Dans le passé, le patient avait été traité avec succès pour le TDAH avec le méthylphénidate, et il a connu un épisode dépressif aigu il y a plusieurs années qui a été traité avec un ISRS. Il ne prenait aucun des deux médicaments cette année. Plusieurs mois avant cette présentation de cas, le patient a passé une échelle d’évaluation de la dépression, le Quick Inventory of Depressive Symptoms (QIDS), et a obtenu un score de 7, ce qui indique une légère dépression. Il a noté que cela avait été sa ligne de base habituelle tout au long des derniers mois.
Deux semaines avant la présentation, le patient a eu une aggravation des symptômes d’allergie et de la congestion nasale. Il prenait initialement de la loratadine 10 mg et a ajouté de la pseudoéphédrine 120 mg tous les matins. Cela a entraîné une amélioration de la congestion ainsi qu’une amélioration rapide des symptômes dépressifs. Son score QIDS pendant le traitement à la pseudoéphédrine est passé de 7 à 3, ce qui correspond à une rémission clinique. Après deux semaines de traitement, le patient a décidé d’arrêter la pseudoéphédrine, et ses symptômes dépressifs se sont nettement aggravés pour atteindre un score QIDS de 16, ce qui indique une dépression modérément grave. Ses symptômes spécifiques lors du sevrage étaient une baisse profonde du niveau d’énergie, une diminution de la concentration, un retard psychomoteur, une augmentation de l’appétit, un besoin accru de sommeil, une détérioration de l’humeur (se sentir triste plus de la moitié du temps) et une détérioration de la perception de soi. Ces symptômes dépressifs ont persisté pendant 4 jours après l’arrêt du médicament, après quoi il a noté une amélioration partielle, revenant à la ligne de base de prémédication (QIDS de 7).
Discussion
La pseudoéphédrine est un remède de congestion efficace et couramment utilisé, connu pour ses propriétés stimulantes. Il est donc surprenant de constater le peu de rapports décrivant son interaction avec l’humeur. À notre connaissance, il s’agit du premier rapport de dépression unipolaire simple semblant bénéficier de l’initiation à la pseudoéphédrine, puis s’aggravant de manière significative pendant la période de sevrage. La chronologie des symptômes de sevrage est conforme à un autre rapport de 3 jours,6 et est généralement similaire en durée au sevrage physiologique aigu expérimenté par les personnes dépendantes d’autres stimulants.
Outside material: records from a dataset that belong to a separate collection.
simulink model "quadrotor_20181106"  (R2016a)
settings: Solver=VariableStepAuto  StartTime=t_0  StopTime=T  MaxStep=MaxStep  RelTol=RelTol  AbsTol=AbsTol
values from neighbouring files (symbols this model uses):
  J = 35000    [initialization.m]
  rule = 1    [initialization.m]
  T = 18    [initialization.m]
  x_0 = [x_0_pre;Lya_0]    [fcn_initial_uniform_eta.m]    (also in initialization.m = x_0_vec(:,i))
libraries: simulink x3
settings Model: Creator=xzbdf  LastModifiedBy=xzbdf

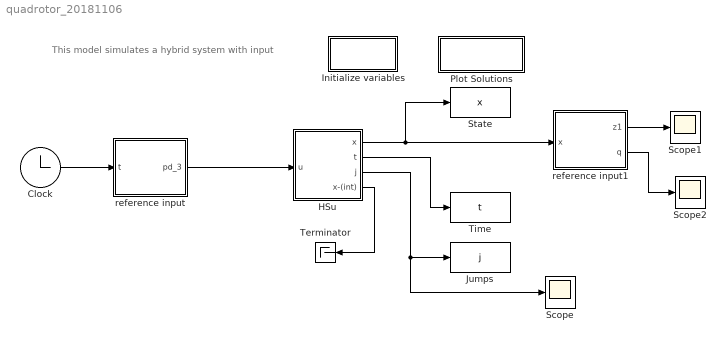
== system quadrotor_20181106 ==
  note: This model simulates a hybrid system with input
  Clock : Clock
  HSu : Subsystem  LoadFcn=set_param(gcb,'LinkStatus','none')
      settings: CopyFcn=|
      | set_param(gcb,'LinkStatus','none'),
      | set_param(gcs, 'MaxStep', 'MaxStep', 'RelTol', 'RelTol','Stop time', 'T')
      mask Display:
      | image(imread('Hcal.jpg'))
      | %plot([5 20 20 5 5],[5 5 20 20 5])
      | %text(8,13,'HyEq_mdl')
      | port_label('output', 1, 'x')
      | port_label('output', 2, 't')
      | port_label('output', 3, 'j')
      | port_label('output', 4, 'x-(int)')
      | port_label('input', 1, 'u')
  Initialize variables : Subsystem  Priority=-10
      settings: OpenFcn=|
      | try
      |      clearvars -except inifile pathfile_in pathfile_pos posfile
      |      cd(pathfile_in);
      |      eval(inifile);
      | catch
      |      [inifile,pathfile_in] = getInitializationfile;
      |      cd(pathfile_in);
      |      inifile = strrep(inifile,'.m','');
      |      eval(inifile);
      | end
      mask Display: disp('Double Click\n to Initialize')
  Jumps : ToWorkspace  VariableName=j  SampleTime=-1
      settings: Save2DSignal=2-D array (concatenate along first dimension)
  Plot Solutions : Subsystem
      settings: OpenFcn=|
      | try
      |      cd(pathfile_pos);
      |      eval(posfile);
      | catch
      |      [posfile,pathfile_pos] = getInitializationfile;
      |      cd(pathfile_pos);
      |      posfile = strrep(posfile,'.m','');
      |      eval(posfile);
      | end
      mask Display: disp('Double Click to\n Plot Solutions')
  Scope : Scope
  Scope1 : Scope
  Scope2 : Scope
  State : ToWorkspace  VariableName=x  SampleTime=-1
  Terminator : Terminator
  Time : ToWorkspace  VariableName=t  SampleTime=-1
      settings: Save2DSignal=2-D array (concatenate along first dimension)
  reference input : MATLAB Function  TreatAsAtomicUnit=on
  reference input1 : MATLAB Function  TreatAsAtomicUnit=on
  wires:
  Clock/1 -> reference input/1(t)
  reference input/1(pd_3) -> HSu/1(u)
  HSu/4(x-(int)) -> Terminator/1
  HSu/1(x) -> reference input1/1(x), State/1
  HSu/2(t) -> Time/1
  HSu/3(j) -> Scope/1, Jumps/1
  reference input1/1(z1) -> Scope1/1
  reference input1/2(q) -> Scope2/1

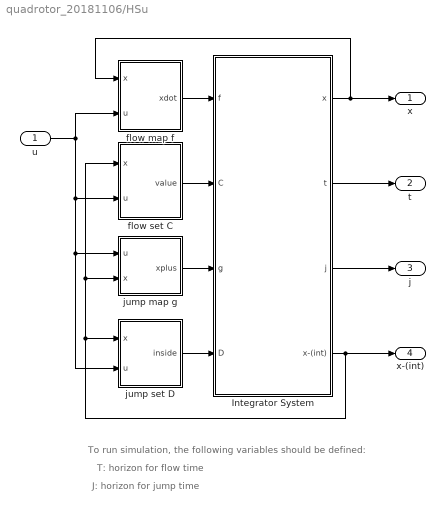
== system quadrotor_20181106/HSu ==
  note: J: horizon for jump time
  note: T: horizon for flow time
  note: To run simulation, the following variables should be defined:
  u : Inport
  Integrator System : Subsystem  Priority=2  mask(Hybrid Integrator){T=T, J=J, x0=x_0}
      mask prompts: T "Flow Horizon"; J "Jump Horizon"; x0 "Initial Condition"
      mask help:
      | This block integrates the state of the hybrid system defined by the flow map f (first input), the flow set C (second input), the jump map g (third input) and the jump set D (fourth input).
      | Starting from the initial condition x0 (last mask parameter), the system's state x evolves continuously within the set C, according to f(x,u), but is also subject to jumps within D, according to g(x,u).
      | The block also stops the simulation when the time t is greater than the flow horizon T (first mask parameter), or when the number of jumps j is greater than the jump horizon J (second mask parameter).
      | The outputs of the blocks are respectively x(t), t, j, x(t-).
      mask Help:
      | This block integrates the state of the hybrid system defined by the flow map f (first input), the flow set C (second input), the jump map g (third input) and the jump set D (fourth input).
      | <br>
      | Starting from the initial condition x0 (last mask parameter), the system's state x evolves continuously within the set C, according to f(x,u), but is also subject to jumps within D, according to g(x,u).
      | <br>
      | The block also stops the simulation when the time t is greater than the flow horizon T (first mask parameter), or when the number of jumps j is greater than the jump horizon J (second mask parameter).
      | <br>
      | The outputs of the blocks are respectively x(t), t, j, x(t-).
      | <br>
      | You can right click on the block and "Look under mask" to see what's inside the block.
      | Finally, refer to the manual (HybridSimulator_vXX.pdf) for more detailed information on how this hybrid simulator works.
  flow map f : MATLAB Function  TreatAsAtomicUnit=on
  flow set C : MATLAB Function  TreatAsAtomicUnit=on
  jump map g : MATLAB Function  Priority=2  TreatAsAtomicUnit=on
  jump set D : MATLAB Function  TreatAsAtomicUnit=on
  x : Outport
  t : Outport  Port=2
  j : Outport  Port=3
  x-(int) : Outport  Port=4
  wires:
  jump map g/1(xplus) -> Integrator System/3(g)
  jump set D/1(inside) -> Integrator System/4(D)
  u/1 -> jump set D/2(u), jump map g/1(u), flow set C/2(u), flow map f/2(u)
  Integrator System/3(j) -> j/1
  Integrator System/2(t) -> t/1
  flow set C/1(value) -> Integrator System/2(C)
  Integrator System/1(x) -> x/1, flow map f/1(x)
  Integrator System/4(x-(int)) -> x-(int)/1, flow set C/1(x), jump map g/2(x), jump set D/1(x)
  flow map f/1(xdot) -> Integrator System/1(f)

== system quadrotor_20181106/Initialize variables ==

== system quadrotor_20181106/Plot Solutions ==

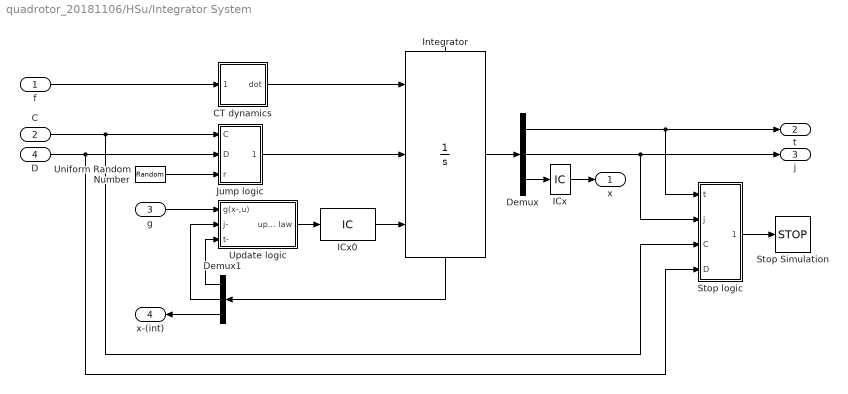
== system quadrotor_20181106/HSu/Integrator System ==
  f : Inport
  C : Inport  Port=2
  g : Inport  Port=3
  D : Inport  Port=4
  CT dynamics : Subsystem
  Demux : Demux  Outputs=[1 1 -1]
  Demux1 : Demux  Outputs=[1 1 -1]
  ICx : InitialCondition  Value=x_0
  ICx0 : InitialCondition  Value=[0; 0; x_0(:)]
  Integrator : Integrator  ExternalReset=level hold  InitialConditionSource=external  ShowStatePort=on  ZeroCross=off
  Jump logic : Subsystem
  Stop Simulation : Stop
  Stop logic : Subsystem
  Uniform Random Number : UniformRandomNumber  Minimum=0  Seed=abs(floor(100*rand))  SampleTime=0
  Update logic : Subsystem
  x : Outport
  t : Outport  Port=2
  j : Outport  Port=3
  x-(int) : Outport  Port=4
  wires:
  ICx0/1 -> Integrator/3
  ICx/1 -> x/1
  Demux/3 -> ICx/1
  Integrator/State -> Demux1/1
  Demux/2 -> j/1, Stop logic/2(j)
  Demux/1 -> t/1, Stop logic/1(t)
  Update logic/1(update law) -> ICx0/1
  CT dynamics/1(dot) -> Integrator/1
  Stop logic/1(stop) -> Stop Simulation/1
  Integrator/1 -> Demux/1
  C/1 -> Stop logic/3(C), Jump logic/1(C)
  D/1 -> Stop logic/4(D), Jump logic/2(D)
  f/1 -> CT dynamics/1(f(x,u))
  Demux1/3 -> x-(int)/1
  Jump logic/1(jump) -> Integrator/2
  Uniform Random Number/1 -> Jump logic/3(r)
  g/1 -> Update logic/1(g(x-,u))
  Demux1/1 -> Update logic/3(t-)
  Demux1/2 -> Update logic/2(j-)

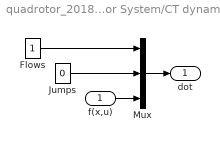
== system quadrotor_20181106/HSu/Integrator System/CT dynamics ==
  f(x,u) : Inport
  Flows : Constant
  Jumps : Constant  Value=0
  Mux : Mux  Inputs=[1 1 -1]
  dot : Outport
  wires:
  Jumps/1 -> Mux/2
  Flows/1 -> Mux/1
  Mux/1 -> dot/1
  f(x,u)/1 -> Mux/3

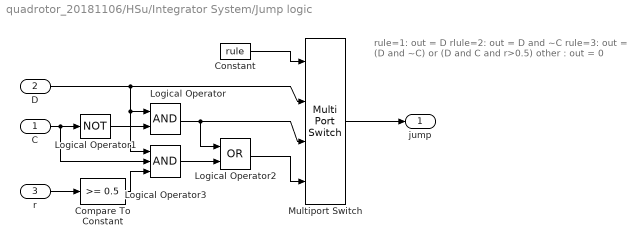
== system quadrotor_20181106/HSu/Integrator System/Jump logic ==
  note: rule=1:  out = D
      | rlule=2: out = D and ~C
      | rule=3:  out = (D and ~C)  or (D and C and r>0.5)
      | other :  out = 0
  C : Inport
  D : Inport  Port=2
  r : Inport  Port=3
  Compare To Constant : simulink/Logic and Bit Operations/Compare To Constant  relop=>=  const=0.5  OutDataTypeStr=uint8
  Constant : Constant  Value=rule
  Logical Operator : Logic  AllPortsSameDT=off  OutDataTypeStr=boolean
  Logical Operator1 : Logic  Operator=NOT  Inputs=1  AllPortsSameDT=off  OutDataTypeStr=boolean
  Logical Operator2 : Logic  Operator=OR  AllPortsSameDT=off  OutDataTypeStr=boolean
  Logical Operator3 : Logic  Inputs=3  AllPortsSameDT=off  OutDataTypeStr=boolean
  Multiport Switch : MultiPortSwitch
  jump : Outport
  wires:
  Constant/1 -> Multiport Switch/1
  D/1 -> Logical Operator3/1, Logical Operator/1, Multiport Switch/2
  r/1 -> Compare To Constant/1
  C/1 -> Logical Operator3/2, Logical Operator1/1
  Logical Operator1/1 -> Logical Operator/2
  Logical Operator/1 -> Multiport Switch/3, Logical Operator2/1
  Logical Operator2/1 -> Multiport Switch/4
  Multiport Switch/1 -> jump/1
  Compare To Constant/1 -> Logical Operator3/3
  Logical Operator3/1 -> Logical Operator2/2

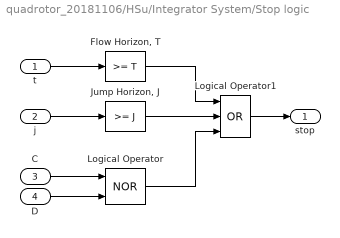
== system quadrotor_20181106/HSu/Integrator System/Stop logic ==
  t : Inport
  j : Inport  Port=2
  C : Inport  Port=3
  D : Inport  Port=4
  "Flow Horizon, T" : simulink/Logic and Bit Operations/Compare To Constant  relop=>=  const=T  OutDataTypeStr=uint8  ZeroCross=off
  "Jump Horizon, J" : simulink/Logic and Bit Operations/Compare To Constant  relop=>=  const=J  OutDataTypeStr=uint8  ZeroCross=off
  Logical Operator : Logic  Operator=NOR  AllPortsSameDT=off  OutDataTypeStr=boolean
  Logical Operator1 : Logic  Operator=OR  Inputs=3  AllPortsSameDT=off  OutDataTypeStr=boolean
  stop : Outport
  wires:
  "Flow Horizon, T"/1 -> Logical Operator1/1
  "Jump Horizon, J"/1 -> Logical Operator1/2
  Logical Operator/1 -> Logical Operator1/3
  D/1 -> Logical Operator/2
  t/1 -> "Flow Horizon, T"/1
  j/1 -> "Jump Horizon, J"/1
  C/1 -> Logical Operator/1
  Logical Operator1/1 -> stop/1

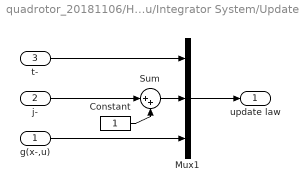
== system quadrotor_20181106/HSu/Integrator System/Update logic ==
  g(x-,u) : Inport
  j- : Inport  Port=2
  t- : Inport  Port=3
  Constant : Constant
  Mux1 : Mux  Inputs=[1 1 -1]
  Sum : Sum  Inputs=|++
  update law : Outport
  wires:
  Sum/1 -> Mux1/2
  Mux1/1 -> update law/1
  j-/1 -> Sum/1
  g(x-,u)/1 -> Mux1/3
  t-/1 -> Mux1/1
  Constant/1 -> Sum/2

== matlab function quadrotor_20181106/reference input1 ==
  data: z1 output; x input; q output
function [z1,q]=fcn_z1(x)

z1=x(10:12);
q=x(23);

end

== matlab function quadrotor_20181106/reference input ==
  data: pd_3 output; t input; para parameter
function pd_3 = fcn_pd_3(t, para)

r_index=para(1);
m=para(2);
gra=para(3);
k1=para(4);
k2=para(5);
gamma=para(6);
kw=para(7);
M_beta=para(8);
K_beta=para(9);
e1=para(10:12);
e2=para(13:15);
e3=para(16:18);
epsilon=para(19);
sigma=para(20);


if r_index==1
        [~,~,~,pd_3] = r_circle(t);
elseif r_index==2
        [~,~,~,pd_3] = r_lemniscate(t);
else 
        [~,~,~,pd_3] = r_stationary(t);
end

% switch r_index
%     case 1
%         [~,~,~,pd_3] = r_circle(t);
%     case 2
%         [~,~,~,pd_3] = r_lemniscate(t);
%     case 3
%         [~,~,~,pd_3] = r_stationary(t);
% end

end

== matlab function quadrotor_20181106/HSu/flow map f ==
  data: x input; xdot output; u input; para parameter
function xdot = f(x,u,para)

m=para(2);
gra=para(3);
e3=para(16:18);

pd_1=x(4:6);
pd_2=x(7:9);
z2=x(13:15);
r3=x(16:18);
s1=x(19);
s2=x(20:22);

pd_3=u;

pdd=pd_1;
pd_1d=pd_2;
pd_2d=pd_3;

z1d=z2;
z2d=-1./m.*r3*s1+gra.*e3-pd_2;
r3d=-S(r3)*s2;

s1d=0;
s2d=zeros(3,1);
qd=0;

f_map=[pdd;pd_1d;pd_2d;z1d;z2d;r3d;s1d;s2d;qd];
grad_V=fcn_grad_V(x,para);

Lyad=grad_V'*f_map;

xdot=[pdd;pd_1d;pd_2d;z1d;z2d;r3d;s1d;s2d;qd;Lyad];

end

== matlab function quadrotor_20181106/HSu/flow set C ==
  data: x input; value output; u input; para parameter
function value  = C(x,u,para)

m=para(2);
gra=para(3);
e3=para(16:18);
sigma=para(20);
eta=para(21);

pd=x(1:3);
pd_1=x(4:6);
pd_2=x(7:9);
z1=x(10:12);
z2=x(13:15);
r3=x(16:18);
s1=x(19);
s2=x(20:22);
xi=x(1:22);
q=x(23);

r=[pd;pd_1;pd_2];
z=[z1;z2;r3];

pd_3=u;

pdd=pd_1;
pd_1d=pd_2;
pd_2d=pd_3;
z1d=z2;
z2d=-1./m.*r3*s1+gra.*e3-pd_2;
r3d=-S(r3)*s2;
s1d=0;
s2d=zeros(3,1);
qd=0;

z2cld=-1./m.*r3*fcn_T(r,z,para)+gra.*e3-pd_2;
r3cld=-S(r3)*fcn_w(r,z,pd_3,q,para);

f_map=[pdd;pd_1d;pd_2d;z1d;z2d;r3d;s1d;s2d;qd];
fcl_map=[pdd;pd_1d;pd_2d;z1d;z2cld;r3cld;s1d;s2d;qd];

grad_V=fcn_grad_V(x,para);

% if (grad_Vq'*f<=sigma.*Lyacldot)%not correct, because there are numerical errors
% due to the equation I_3-r3^\top*r3=-S^2(r3) when getting the closed-loop
% expression for eqn 12
%%%C_1\cap C_2
value_C_1=(fcn_V(x,para)-min(fcn_V([xi;-1],para),fcn_V([xi;1],para))<=eta);
value_C_2=(grad_V'*f_map<=sigma.*grad_V'*fcl_map);
if (value_C_1==1)&&(value_C_2==1)
    value = 1;
else
    value = 0;
end


end

== matlab function quadrotor_20181106/HSu/jump map g ==
  data: xplus output; u input; para parameter; x input
function xplus = g(u,para, x)

m=para(2);
gra=para(3);
e3=para(16:18);
epsilon=para(19);
sigma=para(20);
eta=para(21);

pd=x(1:3);
pd_1=x(4:6);
pd_2=x(7:9);
z1=x(10:12);
z2=x(13:15);
r3=x(16:18);
s1=x(19);
s2=x(20:22);
xi=x(1:22);
q=x(23);
Lya=x(24);
r=[pd;pd_1;pd_2];
z=[z1;z2;r3];
zeta=[r;z1;z2];

pd_3=u;

pdplus=pd;
pd_1plus=pd_1;
pd_2plus=pd_2;
z1plus=z1;
z2plus=z2;
r3plus=r3;

%%%%%%%%%%%%%%%%%%%%%%%%%%%%
pdd=pd_1;
pd_1d=pd_2;
pd_2d=pd_3;
z1d=z2;
z2d=-1./m.*r3*s1+gra.*e3-pd_2;
r3d=-S(r3)*s2;
s1d=0;
s2d=zeros(3,1);
qd=0;

z2cld=-1./m.*r3*fcn_T(r,z,para)+gra.*e3-pd_2;
r3cld=-S(r3)*fcn_w(r,z,pd_3,q,para);

f_map=[pdd;pd_1d;pd_2d;z1d;z2d;r3d;s1d;s2d;qd];
fcl_map=[pdd;pd_1d;pd_2d;z1d;z2cld;r3cld;s1d;s2d;qd];

grad_V=fcn_grad_V(x,para);

inside_D_1=(fcn_V(x,para)-min(fcn_V([xi;-1],para),fcn_V([xi;1],para))>=eta);
inside_D_2=(grad_V'*f_map>=sigma.*grad_V'*fcl_map);
%%%in D_1, not in D_2
if (inside_D_1==1)&&(inside_D_2==0)
    s1plus=s1;
    s2plus=s2;
    qplus=-q;
    Lyaplus=Lya+2.*epsilon.*q.*r3'*fcn_r3d(zeta,para);

%%%in D_2, not in D_1
elseif (inside_D_2==1)&&(inside_D_1==0)
    s1plus=fcn_T(r,z,para);
    s2plus=fcn_w(r,z,pd_3,q,para);
    qplus=q;
    Lyaplus=Lya;

%%%in D_1\cap D_2: (inside_D_2==1)&&(inside_D_1==1)
else 
    Random_index=round(rand(1));%%%%%%%%%%notice!!!!!!!!!!! (s1, s2, -q) OR (T,w,q)
    possible_s1plus=[s1,fcn_T(r,z,para)];
    s1plus=possible_s1plus(Random_index+1);
    possible_s2plus=[s2,fcn_w(r,z,pd_3,q,para)];
    s2plus=possible_s2plus(:,Random_index+1);
    qplus=(-1)^(Random_index+1).*q;
    
    if qplus==q
        Lyaplus=Lya; 
%%% qplus==(-q)
    else
        Lyaplus=Lya+2.*epsilon.*q.*r3'*fcn_r3d(zeta,para);
    end
end
%%%%%%%%%%%%%%%%%%%%%%%%%%%%%%%%%%%%%%%%%%%
xplus=[pdplus;pd_1plus;pd_2plus;z1plus;z2plus;r3plus;s1plus;s2plus;qplus;Lyaplus];

end

== matlab function quadrotor_20181106/HSu/jump set D ==
  data: x input; inside output; u input; para parameter
function inside  = D(x,u,para)

m=para(2);
gra=para(3);
e3=para(16:18);
sigma=para(20);
eta=para(21);

pd=x(1:3);
pd_1=x(4:6);
pd_2=x(7:9);
z1=x(10:12);
z2=x(13:15);
r3=x(16:18);
s1=x(19);
s2=x(20:22);
xi=x(1:22);
q=x(23);

r=[pd;pd_1;pd_2];
z=[z1;z2;r3];

pd_3=u;

pdd=pd_1;
pd_1d=pd_2;
pd_2d=pd_3;
z1d=z2;
z2d=-1./m.*r3*s1+gra.*e3-pd_2;
r3d=-S(r3)*s2;
s1d=0;
s2d=zeros(3,1);
qd=0;

z2cld=-1./m.*r3*fcn_T(r,z,para)+gra.*e3-pd_2;
r3cld=-S(r3)*fcn_w(r,z,pd_3,q,para);

f_map=[pdd;pd_1d;pd_2d;z1d;z2d;r3d;s1d;s2d;qd];
fcl_map=[pdd;pd_1d;pd_2d;z1d;z2cld;r3cld;s1d;s2d;qd];

grad_V=fcn_grad_V(x,para);

%%%D_1\cup D_2
inside_D_1=(fcn_V(x,para)-min(fcn_V([xi;-1],para),fcn_V([xi;1],para))>=eta);
inside_D_2=(grad_V'*f_map>=sigma.*grad_V'*fcl_map);
if (inside_D_1==1)||(inside_D_2==1)
    inside = 1;
else
    inside = 0;
end

end

De nombreuses cliniques de soins primaires traitent à la fois la congestion et la dépression, et les patients se présentent souvent à la clinique lors d’épisodes de maladies liées à la congestion. Nous supposons que l’utilisation de décongestionnants stimulants peut affecter l’évaluation clinique de l’humeur lors de certaines visites au cabinet, en particulier chez les patients souffrant déjà de dépression. Cela peut potentiellement influencer les taux de prescription d’antidépresseurs et d’orientation vers des spécialistes de la santé mentale.